Following the cleaning, I need to treat most of the exposed metal in there and on the undercarriage to stop any rust, and for that job I need to find a RV park where the RV pads are cement or blacktop and I can use my creeper. Ahh, the joys of full time RV’ing.
My Bounder had rust all over the undercarriage when I bought it, and I had several shops, where I went in for estimates of jobs, tell me, “Oh, that rust is going to make the job harder so it’s going to cost you extra, and you need to replace this and that!”. And it wasn’t true. It’s a scam, just like telling people they need to turn the rotors every brake job. You don’t.
I can attest that wherever I had a shop work on the rig, there was never any extra time caused by rust. I watched. Usually, extra time was taken by the shop because they didn’t know what to do or how to do it and they’d have to spend time researching. That’s why I always try to find out how a DIY’er does something on their similar rig before going to a shop.
Anyway, my point about rust is that these chassis are soooo stout, the metals soooo thick, that rust would never penetrate anything important in a thousand years. Some rotating parts might be adversely affected if the road salt splashed directly on the rotating shaft, perhaps, perhaps not.

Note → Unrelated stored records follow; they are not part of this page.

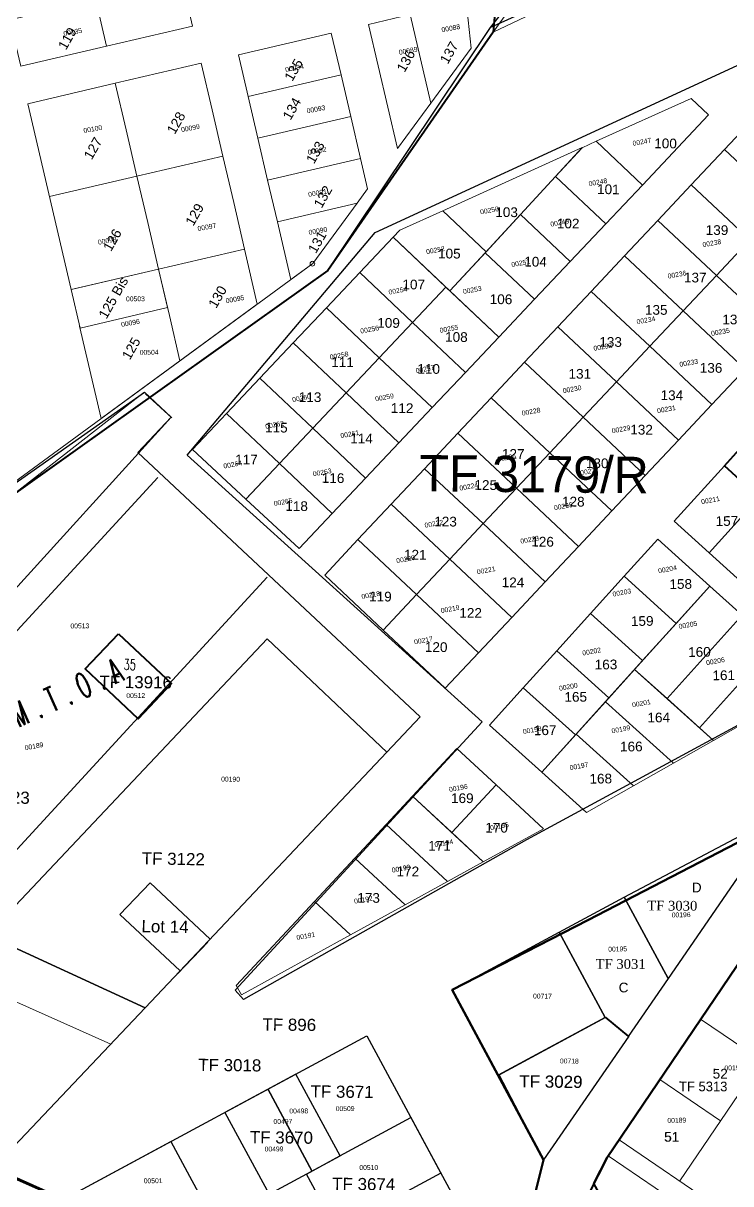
# Model space of a CAD drawing. Header units: metres. Extents: x 251686 to 255059, y 1627526 to 1631912.
# Drawn here: x 253176 to 253321.8, y 1629820.9 to 1630060 of the extents above; entities that cross this region are included whole.
import ezdxf
from ezdxf.enums import TextEntityAlignment as Align

# ---------------------------------------------------------------- set-up
doc = ezdxf.new("R2010")
doc.units = ezdxf.units.M
doc.header["$MEASUREMENT"] = 0
for name, color, linetype, lineweight in [('11', 7, 'Continuous', 0), ('ASSIETTE IMMAT', 7, 'Continuous', 0), ('Numero_TF', 7, 'Continuous', 0), ('Numéro_TF', 7, 'Continuous', 0)]:
    doc.layers.add(name, color=color, linetype=linetype, lineweight=lineweight)
for name, color, linetype in [('historique_numero_parcelle', 7, 'Continuous'), ('limites_parcelles', 7, 'Continuous'), ('limites_sections', 7, 'Continuous'), ('limites_tf', 7, 'Continuous'), ('numero_lot', 7, 'Continuous'), ('numero_parcelle', 7, 'Continuous'), ('toponymie', 7, 'Continuous')]:
    doc.layers.add(name, color=color, linetype=linetype)
doc.styles.get("Standard").update_dxf_attribs({"font": 'txt.shx'})
doc.styles.add('Style-Arial', font='arial.ttf')
doc.styles.add('Style-FANCY', font='times.ttf')
doc.styles.add('Style-ITALICS', font='ITALICS.shx')
doc.styles.add('Style-STANDARD', font='STANDARD.shx')
doc.styles.add('Style-txt', font='txt.shx')
doc.styles.add('Styledgn000', font='dgn000.shx')
doc.styles.add('Styledgn002', font='dgn002.shx')

msp = doc.modelspace()

# ---------------------------------------------------------------- linework, layer by layer
at = {"layer": '11', "color": 5, "linetype": 'Continuous', "lineweight": 13}
msp.add_circle((253235.620547, 1630010.455543), 0.4911520775107352, dxfattribs=at)
at = {"layer": 'ASSIETTE IMMAT', "color": 2, "linetype": 'Continuous', "lineweight": 40}
msp.add_polyline3d([(253338.304982, 1630212.02092, 0.556061), (253281.716049, 1630158.445014, 0.754712), (253272.825884, 1630058.162576, 1.321799), (253238.773127, 1630009.063863, 1.539682), (253173.608723, 1629962.604017, 1.679567), (253084.705592, 1629865.608947, 2.066469), (253052.295758, 1629847.292297, 2.108097), (253034.121912, 1629832.139257, 2.159918), (253017.239594, 1629997.641186, 1.160524), (253130.3778, 1629983.16094, 1.472659), (253107.126834, 1630079.575336, 0.863457), (253106.111783, 1630094.938639, 0.771796), (253095.888219, 1630135.180783, 0.516479), (253051.328657, 1630189.868554, 0.107802), (253064.47615, 1630192.480191, 0.119025)], dxfattribs=at)
at = {"layer": 'limites_parcelles', "color": 7, "linetype": 'Continuous', "lineweight": 0}
for p, q in [((253267.273509, 1630064.430686), (253268.34979, 1630054.849361)), ((253220.378114, 1630053.505569), (253239.510394, 1630057.969606)), ((253239.510394, 1630057.969606), (253241.520896, 1630049.355592)), ((253222.377941, 1630044.897622), (253220.378114, 1630053.505569)), ((253195.021598, 1630047.607687), (253212.716954, 1630051.730292)), ((253212.716954, 1630051.730292), (253214.945939, 1630042.158814)), ((253177.003442, 1630043.409878), (253195.021598, 1630047.607687)), ((253195.021598, 1630047.607687), (253197.250583, 1630038.03621)), ((253222.377941, 1630044.897622), (253241.520896, 1630049.355592)), ((253241.520896, 1630049.355592), (253243.520723, 1630040.747644)), ((253224.388444, 1630036.283607), (253222.377941, 1630044.897622)), ((253185.915447, 1630005.140867), (253177.003442, 1630043.409878)), ((253214.945939, 1630042.158814), (253217.180991, 1630032.598012)), ((253243.520723, 1630040.747644), (253224.388444, 1630036.283607)), ((253199.485635, 1630028.475407), (253197.250583, 1630038.03621)), ((253217.180991, 1630032.598012), (253199.485635, 1630028.475407)), ((253217.180991, 1630032.598012), (253219.409976, 1630023.026535)), ((253181.459525, 1630024.275025), (253199.485635, 1630028.475407)), ((253201.703945, 1630018.909997), (253199.485635, 1630028.475407)), ((253219.409976, 1630023.026535), (253221.628286, 1630013.461125)), ((253203.93293, 1630009.33852), (253201.703945, 1630018.909997)), ((253221.628286, 1630013.461125), (253203.93293, 1630009.33852)), ((253221.628286, 1630013.461125), (253224.269509, 1630002.130011)), ((253235.690934, 1630010.496408), (253172.277123, 1629964.029041)), ((253186.237574, 1630005.215916), (253203.93293, 1630009.33852)), ((253206.161915, 1629999.767043), (253203.93293, 1630009.33852)), ((253224.269509, 1630002.130011), (253208.338526, 1629990.451309)), ((253208.338526, 1629990.451309), (253206.161915, 1629999.767043)), ((253192.100161, 1629978.555075, 1e-06), (253187.677273, 1629997.575972, 1e-06)), ((253208.338526, 1629990.451309), (253192.390801, 1629978.767998)), ((253206.675873, 1629978.698332), (253201.20664, 1629983.652689)), ((253201.215567, 1629983.643936), (253206.497525, 1629978.853758)), ((253206.496475, 1629978.860624), (253127.886436, 1629892.200265)), ((253130.553653, 1629886.842138), (253203.810781, 1629966.401656)), ((253226.323021, 1629945.861268), (253159.967573, 1629873.79749)), ((253351.245505, 1629907.567313), (253296.362167, 1629826.354781)), ((253296.372167, 1629826.354745), (253347.873478, 1629902.576446)), ((253102.688868, 1629890.3186), (253194.123457, 1629849.715469)), ((253214.069077, 1629870.681406), (253207.841423, 1629864.192306)), ((253336.522301, 1629858.751111), (253311.277793, 1629821.51194)), ((253315.582111, 1629854.855629), (253328.112491, 1629846.345369)), ((253307.155291, 1629842.446949), (253319.695645, 1629833.929653)), ((253298.818243, 1629829.974944), (253323.656552, 1629813.107228)), ((253296.352167, 1629826.354817), (253298.071319, 1629828.888632)), ((253296.362167, 1629826.354781), (253239.806202, 1629716.698098)), ((253293.602848, 1629821.004701), (253296.372167, 1629826.354745)), ((253296.54336, 1629826.68513), (253342.052198, 1629795.789752)), ((253343.584338, 1629729.853795), (253293.602848, 1629821.004701))]:
    msp.add_line(p, q, dxfattribs=at)
at = {"layer": 'limites_parcelles', "color": 7, "linetype": 'Continuous', "lineweight": 0, "elevation": 1e-06, "flags": 128}
msp.add_lwpolyline([(253298.070505, 1630074.338441), (253276.831672, 1630074.508682), (253276.145328, 1630062.721394), (253272.828544, 1630058.154865), (253298.038106, 1630070.137472), (253298.070505, 1630074.338441)], close=True, dxfattribs=at)
at = {"layer": 'limites_parcelles', "color": 7, "linetype": 'Continuous', "lineweight": 0, "flags": 128}
for points in [[(253208.717299, 1630068.946187), (253210.935609, 1630059.380777), (253193.240253, 1630055.258172), (253191.011269, 1630064.829649)], [(253193.240253, 1630055.258172), (253175.544897, 1630051.135567), (253173.315913, 1630060.707045), (253191.011269, 1630064.829649)], [(253255.768826, 1630061.750779), (253260.017529, 1630043.531802), (253253.118662, 1630034.176785), (253247.160879, 1630059.750951), (253255.768826, 1630061.750779)], [(253268.346505, 1630054.856325), (253260.017529, 1630043.531802)], [(253243.520723, 1630040.747644), (253245.531226, 1630032.133629), (253226.388271, 1630027.67566), (253224.388444, 1630036.283607)], [(253245.531226, 1630032.133629), (253246.989569, 1630025.853099), (253244.813954, 1630022.894962), (253228.398774, 1630019.061645), (253226.388271, 1630027.67566)], [(253244.813954, 1630022.894962), (253235.690934, 1630010.496408), (253231.164635, 1630007.179493), (253228.398774, 1630019.061645)]]:
    msp.add_lwpolyline(points, dxfattribs=at)
for points in [[(253294.077443, 1630035.663531), (253291.184585, 1630034.354006), (253285.722744, 1630028.439237), (253296.061272, 1630018.671255), (253303.607304, 1630026.659844), (253294.077443, 1630035.663531)], [(253262.462909, 1630021.364936), (253271.398278, 1630012.923731), (253263.942324, 1630004.847221), (253252.237669, 1630015.906011), (253253.620393, 1630017.368218), (253262.462909, 1630021.364936)], [(253221.965655, 1629962.050573), (253228.824322, 1629969.310561), (253239.716306, 1629959.020063), (253232.859638, 1629951.761076), (253221.892722, 1629961.97351), (253221.965655, 1629962.050573)]]:
    msp.add_lwpolyline(points, close=True, dxfattribs=at)
at = {"layer": 'limites_parcelles', "color": 7, "linetype": 'Continuous', "lineweight": 0, "extrusion": (0.2721658052046496, -0.2759108878029878, 0.9218454081184502), "elevation": -380817.680723, "flags": 128}
msp.add_lwpolyline([(1324929.55235, 905813.367518), (1324895.0981, 905817.7016), (1324807.51826, 905813.367518)], dxfattribs=at)
at = {"layer": 'limites_parcelles', "color": 7, "linetype": 'Continuous', "lineweight": 0}
for points in [[(253313.635732, 1630044.507602), (253317.245709, 1630041.097751), (253303.607304, 1630026.659844), (253294.077443, 1630035.663531)], [(253327.388555, 1630041.279602), (253339.433437, 1630029.960109), (253332.569809, 1630022.655117), (253320.523927, 1630033.974609)], [(253291.185583, 1630034.356007), (253262.462909, 1630021.364936), (253271.398278, 1630012.923731)], [(253320.523927, 1630033.974609), (253332.569809, 1630022.655117), (253325.705182, 1630015.350123), (253313.6593, 1630026.668616)], [(253285.722744, 1630028.439237), (253296.061272, 1630018.671255), (253288.715057, 1630010.892842), (253278.464602, 1630020.5779)], [(253313.6593, 1630026.668616), (253325.705182, 1630015.350123), (253318.840554, 1630008.04513), (253306.795671, 1630019.364623)], [(253278.464602, 1630020.5779), (253288.715057, 1630010.892842), (253281.367842, 1630003.115427), (253271.20646, 1630012.715563)], [(253306.795671, 1630019.364623), (253318.840554, 1630008.04513), (253311.975926, 1630000.740137), (253299.930043, 1630012.059629)], [(253252.237669, 1630015.906011), (253263.123648, 1630005.621507), (253256.263982, 1629998.359518), (253245.373999, 1630008.649019)], [(253325.705182, 1630015.350123), (253338.466652, 1630003.357255), (253331.602024, 1629996.052262), (253318.840554, 1630008.04513)], [(253271.20646, 1630012.715563), (253281.367842, 1630003.115427), (253274.014632, 1629995.331007), (253263.942324, 1630004.847221)], [(253299.930043, 1630012.059629), (253311.975926, 1630000.740137), (253305.114296, 1629993.438146), (253293.069413, 1630004.757639)], [(253203.933323, 1630009.336831), (253205.781423, 1630001.400915), (253187.763546, 1629997.204951), (253185.915447, 1630005.140867)], [(253245.373999, 1630008.649019), (253256.263982, 1629998.359518), (253249.404317, 1629991.097529), (253238.51033, 1630001.391026)], [(253318.840554, 1630008.04513), (253331.602024, 1629996.052262), (253324.737397, 1629988.747269), (253311.975926, 1630000.740137)], [(253263.123648, 1630005.621507), (253256.263982, 1629998.359518), (253267.155967, 1629988.069019), (253274.014632, 1629995.331007)], [(253293.069413, 1630004.757639), (253305.114296, 1629993.438146), (253298.243674, 1629986.126148), (253286.197791, 1629997.44564)], [(253238.51033, 1630001.391026), (253249.404317, 1629991.097529), (253242.543652, 1629983.835539), (253231.645662, 1629994.132033)], [(253311.975926, 1630000.740137), (253324.737397, 1629988.747269), (253317.876766, 1629981.445279), (253305.114296, 1629993.438146)], [(253256.263982, 1629998.359518), (253267.155967, 1629988.069019), (253260.296301, 1629980.80703), (253249.404317, 1629991.097529)], [(253286.197791, 1629997.44564), (253298.243674, 1629986.126148), (253291.378047, 1629978.820153), (253279.333164, 1629990.139647)], [(253231.645662, 1629994.132033), (253242.543652, 1629983.835539), (253235.683986, 1629976.57355), (253224.780993, 1629986.87404)], [(253305.114296, 1629993.438146), (253317.875766, 1629981.445278), (253311.005145, 1629974.13328), (253298.243674, 1629986.126148)], [(253249.404317, 1629991.097529), (253260.296301, 1629980.80703), (253253.435636, 1629973.54504), (253242.543652, 1629983.835539)], [(253279.333164, 1629990.139647), (253291.378047, 1629978.820153), (253284.514419, 1629971.515161), (253272.468536, 1629982.834653)], [(253235.683986, 1629976.57355), (253228.824322, 1629969.310561), (253217.916324, 1629979.616046), (253224.780993, 1629986.87404)], [(253298.243674, 1629986.126148), (253311.005145, 1629974.13328), (253304.140518, 1629966.827286), (253291.378047, 1629978.820153)], [(253242.543652, 1629983.835539), (253235.683986, 1629976.57355), (253246.575971, 1629966.283051), (253253.435636, 1629973.54504)], [(253272.468536, 1629982.835653), (253284.514419, 1629971.515161), (253277.649791, 1629964.210168), (253265.603909, 1629975.52966)], [(253217.916324, 1629979.616046), (253228.824322, 1629969.310561), (253221.892722, 1629961.97351), (253210.90679, 1629972.203926)], [(253291.378047, 1629978.820153), (253304.140518, 1629966.827286), (253297.275889, 1629959.523293), (253284.514419, 1629971.515161)], [(253235.683986, 1629976.57355), (253246.575971, 1629966.283051), (253239.716306, 1629959.020063), (253228.824322, 1629969.310561)], [(253265.603909, 1629975.52966), (253277.649791, 1629964.210168), (253270.785164, 1629956.905174), (253258.73928, 1629968.225667)], [(253327.27421, 1629976.357478), (253338.195882, 1629966.425005), (253331.399436, 1629958.911071), (253320.476763, 1629968.844543)], [(253284.514419, 1629971.515161), (253297.275889, 1629959.523293), (253290.411261, 1629952.2183), (253277.649791, 1629964.210168)], [(253258.73928, 1629968.225667), (253270.785164, 1629956.905174), (253263.920537, 1629949.599181), (253251.874653, 1629960.919673)], [(253320.476763, 1629968.844543), (253327.662468, 1629962.310811), (253317.340422, 1629950.899799), (253310.150719, 1629957.431528)], [(253277.649791, 1629964.210168), (253290.411261, 1629952.2183), (253283.546633, 1629944.913306), (253270.785164, 1629956.905174)], [(253317.340422, 1629950.899799), (253327.662468, 1629962.310811), (253334.848173, 1629955.776079), (253324.528123, 1629944.370069)], [(253251.874653, 1629960.919673), (253263.920537, 1629949.599181), (253257.055908, 1629942.295188), (253245.010025, 1629953.61468)], [(253270.785164, 1629956.905174), (253283.546633, 1629944.913306), (253276.682006, 1629937.607313), (253263.920537, 1629949.599181)], [(253245.010025, 1629953.61468), (253257.055908, 1629942.295188), (253250.195278, 1629934.993198), (253238.149394, 1629946.31369)], [(253306.794945, 1629953.733598), (253317.514412, 1629944.035948), (253310.571108, 1629936.359886), (253299.858639, 1629946.059542)], [(253263.920537, 1629949.599181), (253276.682006, 1629937.607313), (253269.817379, 1629930.30232), (253257.055908, 1629942.295188)], [(253299.858639, 1629946.059542), (253310.571108, 1629936.359886), (253303.636788, 1629928.701832), (253292.92532, 1629938.401488)], [(253257.055908, 1629942.295188), (253269.817379, 1629930.30232), (253262.956748, 1629923.00033), (253250.195278, 1629934.993198)], [(253317.514412, 1629944.035948), (253324.145648, 1629938.038733), (253308.666631, 1629920.863218), (253302.001372, 1629926.886404)], [(253292.92532, 1629938.401488), (253303.636788, 1629928.701832), (253296.712472, 1629921.039787), (253285.991, 1629930.743434)], [(253324.145648, 1629938.038733), (253330.80791, 1629932.011545), (253315.331889, 1629914.840033), (253308.666631, 1629920.863218)], [(253285.992001, 1629930.742435), (253296.712472, 1629921.039787), (253289.781156, 1629913.377735), (253279.059682, 1629923.083382)], [(253330.80791, 1629932.011545), (253339.376677, 1629924.261019), (253318.211161, 1629912.238544), (253315.331889, 1629914.840033)], [(253302.001372, 1629926.886404), (253318.211161, 1629912.238544), (253309.981236, 1629907.564361), (253295.976183, 1629920.225144)], [(253279.059682, 1629923.083382), (253289.781156, 1629913.377735), (253282.847841, 1629905.713682), (253272.126363, 1629915.424329)], [(253295.976183, 1629920.225144), (253309.981236, 1629907.564361), (253301.752312, 1629902.890178), (253289.948993, 1629913.563881)], [(253289.948993, 1629913.563881), (253301.752312, 1629902.890178), (253292.058113, 1629897.384716), (253282.850839, 1629905.716684)], [(253265.390551, 1629910.622449), (253273.479121, 1629903.097505), (253264.339688, 1629893.276525), (253256.250117, 1629900.802469)], [(253273.477122, 1629903.095503), (253283.196015, 1629894.055981), (253270.818951, 1629887.248177), (253264.338688, 1629893.276525)], [(253256.250117, 1629900.802469), (253270.818951, 1629887.248177), (253263.429495, 1629883.183727), (253250.784224, 1629894.947697)], [(253250.793231, 1629894.939705), (253263.429496, 1629883.182727), (253254.719673, 1629878.392125), (253244.361259, 1629888.029089)], [(253244.361259, 1629888.029089), (253254.719673, 1629878.392125), (253243.460073, 1629872.199297), (253236.046052, 1629879.095829)], [(253236.046052, 1629879.095829), (253243.460074, 1629872.198297), (253220.994848, 1629859.841687), (253219.944143, 1629861.795771)]]:
    msp.add_3dface(points, dxfattribs=at)
at = {"layer": 'limites_sections', "color": 112, "linetype": 'Continuous', "lineweight": 40, "flags": 128}
msp.add_lwpolyline([(253271.082561, 1630189.80614), (253278.664905, 1630062.128606), (253370.894891, 1630071.745612), (253349.874626, 1629905.007271), (253292.368569, 1629875.259507), (253264.420561, 1629860.905626), (253283.218148, 1629825.843437), (253276.081556, 1629797.159611), (253264.682639, 1629775.428157), (253237.804257, 1629775.925126), (253235.595435, 1629794.865847), (253170.148154, 1629824.108553), (253140.065621, 1629837.233099), (253052.3, 1629847.28), (252785.968318, 1629991.31478), (252450.61003, 1630145.344805), (252531.297233, 1630284.326266), (252789.440449, 1630429.782946), (252981.389636, 1630375.006406), (253177.316609, 1630501.61916), (253238.792095, 1630544.179111), (253271.082561, 1630189.80614)], close=True, dxfattribs=at)
for points in [[(253325.488232, 1629598.583625), (253296.433833, 1629591.041829), (253239.423108, 1629594.892945), (253258.480288, 1629694.077819), (253239.849412, 1629709.108544), (253235.595435, 1629794.865847), (253237.804257, 1629775.925126), (253237.804257, 1629775.925126), (253264.682639, 1629775.428157), (253276.081556, 1629797.159611), (253283.218148, 1629825.843437), (253264.420561, 1629860.905626), (253292.368569, 1629875.259507), (253349.874626, 1629905.007271)], [(253348.989473, 1629069.997092), (252794.477866, 1629392.616183), (252916.992415, 1629556.866458), (252919.318325, 1629642.675214), (253000.111276, 1629763.48946), (253052.3, 1629847.28), (253052.3, 1629847.28), (253140.065621, 1629837.233099), (253140.065621, 1629837.233099), (253235.595435, 1629794.865847), (253239.849412, 1629709.108544), (253258.480288, 1629694.077819), (253239.423108, 1629594.892945), (253296.433833, 1629591.041829), (253325.488232, 1629598.583625)]]:
    msp.add_lwpolyline(points, dxfattribs=at)
at = {"layer": 'limites_tf', "color": 5, "linetype": 'Continuous', "lineweight": 30}
for p, q in [((253238.776226, 1630009.054882), (253272.339917, 1630059.131794, 1e-06)), ((253173.612102, 1629962.594219), (253238.776226, 1630009.054882)), ((253195.979504, 1629876.39545), (253202.178183, 1629882.900692)), ((253202.178183, 1629882.900692), (253214.557107, 1629871.310013)), ((253208.378111, 1629864.774562), (253195.979504, 1629876.39545)), ((253274.071869, 1629843.380486), (253296.077771, 1629855.24997)), ((253296.077771, 1629855.24997), (253300.807169, 1629851.360073)), ((253300.807169, 1629851.360073), (253283.218148, 1629825.843437)), ((253283.218148, 1629825.843437), (253274.071869, 1629843.380486))]:
    msp.add_line(p, q, dxfattribs=at)
at = {"layer": 'limites_tf', "color": 5, "linetype": 'Continuous', "lineweight": 40}
for p, q in [((253351.245505, 1629907.567313), (253296.362167, 1629826.354781)), ((253296.372167, 1629826.354745), (253347.873478, 1629902.576446)), ((253296.362167, 1629826.354781), (253239.806202, 1629716.698098)), ((253293.602848, 1629821.004701), (253296.372167, 1629826.354745)), ((253343.584338, 1629729.853795), (253293.602848, 1629821.004701))]:
    msp.add_line(p, q, dxfattribs=at)
at = {"layer": 'limites_tf', "color": 5, "linetype": 'Continuous', "lineweight": 30, "elevation": 1e-06, "flags": 128}
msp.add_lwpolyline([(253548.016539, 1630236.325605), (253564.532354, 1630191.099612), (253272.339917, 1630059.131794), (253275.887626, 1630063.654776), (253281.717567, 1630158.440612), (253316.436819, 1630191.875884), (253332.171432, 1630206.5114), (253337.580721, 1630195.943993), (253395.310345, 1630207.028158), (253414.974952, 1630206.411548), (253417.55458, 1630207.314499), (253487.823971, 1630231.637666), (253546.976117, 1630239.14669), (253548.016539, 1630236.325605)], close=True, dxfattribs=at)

If you’re unlucky enough to be in a part of the country where they often salt the roads, and you’re foolish enough to drive your RV through it often without immediately spraying off the salts, then it’s quite possible you’ve had more rust caused problems than the average RV’er. From the looks of my Winnie, the previous owners did drive on salted roads, but not often.
At this point, I’m not worried about all the rust under my Winnie. Only time will tell if I bought a rust bucket liable to fall apart in the near future, OR, if it’ll give me the 10 years I’m looking for…after I stabilize the rust.
I did need to clean my engine compartment in preparation for the surge tank replacement that I did and here’s what it looked like afterwards…
I had a spray bottle of Simple Green Purple that I sprayed all over the engine compartment, let it sit for a while, than lightly dampened it. Used my scrub brush wand to get all the nooks and crannies afterwards and than finally a through rinse.
While I was at it, I also did a double treatment of the backside of the rad, spraying it with Simple Green Purple and rinsing it off well, twice. I noticed an immediate change in how high the temperature gauge went on the dash meter the next time I drove. At least two needle widths less than before. I can still see some crud plugging the fins on the rad and over the next couple years I’ll do the occasional wash and rinse. I’m not trying to make it a clean as it was when new, not sure that’s even needed. But I don’t want the engine to overheat either. Hopefully, now that I’ve cleaned it, and with the lowered amount of oil I use in the crank case, (less chance of it blowing out of the slobber tube, mixing with road dirt and clogging the rad) the rad will stay reasonably clean and help keep engine temps low as I drive up and down mountains.